Adnan Rashid Proven IslamoPhobiaPhobe!

Guest Post: Radical Moderate


A few days ago a horrible murder was committed in England. A Saudi woman had her life tragically ended by as of yet an unknown and unnamed offender [1]. I hope whoever committed this heinous crime, is swiftly brought to justice and repentance. 

One notorious Muslim speaker Adnan Rashid made the following outrageous comment on his FB page.


"One of our Saudi sisters has been brutally murdered in what appears to be an Islamophobic attack. I hold the British political establishment and media responsible for this atrocity. Our sister's blood is on their hands. All Islamophobes in the government and the fascist media must take full responsibility for this brutal murder caused by their active hate mongering against the peaceful Muslim community. I ask the Saudi government to take heed and cut ties with the British political establishment until Islamophobia is eradicated from the media as well as all political circles. Our lives are not any less important than the rest of the British population." [2]

What makes Adnad think it's an Islamophobic attack? The article he posted gave the following information:


“DS Tracy Hawkings said officers were keeping an open mind on the motive for the attack. "We are conscious that the dress of the victim will have identified her as likely being a Muslim and this is one of the main lines of the investigation but again there is no firm evidence at this time that she was targeted because of her religion," she said."

The police have not established a motive keeping an “open mind” and there is “no firm evidence” that she was murdered because of her religion other than the way she was wearing an abya Islamic dress. So a Muslimah is stabbed to death wearing an abya and this means she was murdered by an Islamophobe? Talk about Islamophobe-a-phobic bigotry!
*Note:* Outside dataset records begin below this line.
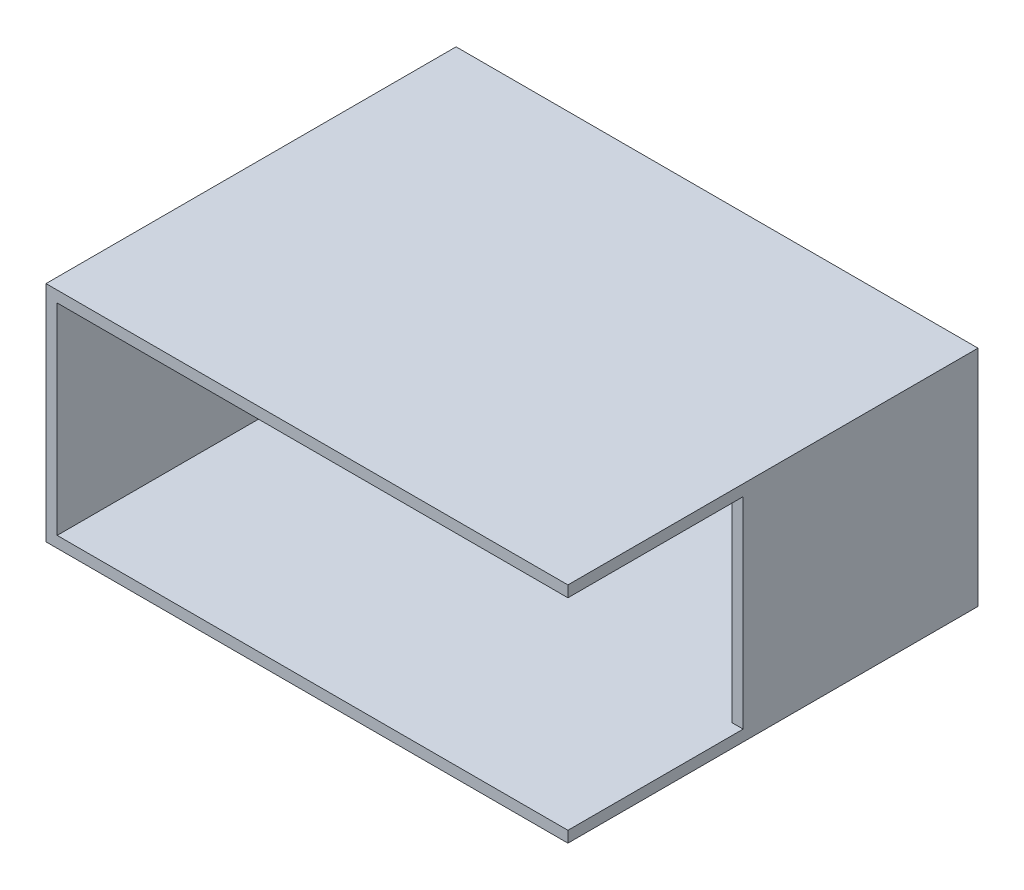
SolidWorks part; units mm, degrees
ref_plane "Front Plane" through (0, 0, 0) normal (1, 0, 0) x (0, 1, 0)
ref_plane "Top Plane" through (0, 0, 0) normal (0, 0, 1) x (0, 1, 0)
ref_plane "Right Plane" through (0, 0, 0) normal (0, 1, 0) x (-1, 0, 0)
sketch "Sketch1" plane through (0, 0, 0) normal (1, 0, 0) x (0, 1, 0)
  line L1 (0, 0) -> (76.2, 0)
  line L2 (0, 0) -> (0, 139.7)
  line L3 (0, 139.7) -> (76.2, 139.7)
  line L4 (76.2, 0) -> (76.2, 139.7)
  dimension "D1" = 139.7
  dimension "D2" = 76.2
extrude "Boss-Extrude1" add sketch "Sketch1" along normal blind 177.8
sketch "Sketch2" plane through (177.8, 0, 0) normal (1, 0, 0) x (0, 1, 0)
  line L0 (76.2, 139.7) -> (0, 139.7) construction
  line L1 (3.81, 139.7) -> (72.39, 139.7)
  line L2 (3.81, 139.7) -> (3.81, 3.81)
  line L3 (3.81, 3.81) -> (72.39, 3.81)
  line L4 (72.39, 139.7) -> (72.39, 3.81)
  line L5 (0, 139.7) -> (0, 0) construction
  line L6 (0, 0) -> (76.2, 0) construction
  line L7 (76.2, 0) -> (76.2, 139.7) construction
  dimension "D1" = 3.81
  dimension "D2" = 3.81
  dimension "D3" = 3.81
extrude "Cut-Extrude1" cut sketch "Sketch2" against normal blind 173.99
sketch "Sketch3" plane through (0, 0, 3.81) normal (0, 0, 1) x (1, 0, 0)
  line L0 (3.81, 3.81) -> (177.8, 3.81) construction
  line L1 (24.13, 29.21) -> (168.91, 29.21)
  line L2 (24.13, 29.21) -> (24.13, 46.99)
  line L3 (24.13, 46.99) -> (168.91, 46.99)
  line L4 (168.91, 29.21) -> (168.91, 46.99)
  line L6 (177.8, 3.81) -> (177.8, 72.39) construction
  line L8 (3.81, 72.39) -> (3.81, 3.81) construction
  dimension "D1" = 17.78
  dimension "D2" = 25.4
  dimension "D3" = 8.89
  dimension "D4" = 20.32
  dimension "D5" = 144.78
extrude "Cut-Extrude2" cut sketch "Sketch3" against normal blind 1.27
sketch "Sketch5" plane through (0, 0, 3.81) normal (0, 0, 1) x (1, 0, 0)
  line L0 (3.81, 3.81) -> (177.8, 3.81) construction
  line L1 (177.8, 72.39) -> (173.99, 72.39)
  line L2 (177.8, 72.39) -> (177.8, 3.81)
  line L3 (177.8, 3.81) -> (173.99, 3.81)
  line L4 (173.99, 72.39) -> (173.99, 3.81)
  dimension "D1" = 3.81
extrude "Boss-Extrude2" add sketch "Sketch5" along normal blind 76.2

Now does this sound all too familiar? Remember Shaima Alwadi? The California woman who was found bludgeoned to death by her daughter. Remember her daughter wearing a hijab, and to much make up, and shedding crocodile tears behind over sized sunglasses to news cameras.

“We found a note that said “go home you terrorists” she cried to the delight of CAIR. Who immediately issued a press conference condemning this Islamophobic attack. Muslim author Reza Aslan personally blamed Robert Spencer and Pamela Geller for the murder. Even though the El Cajon police said they were investigating other leads and theories. The story brought national and international outrage, a Facebook page titled “Hoodies and Hijabis” was started getting hundreds of thousands if not millions of likes.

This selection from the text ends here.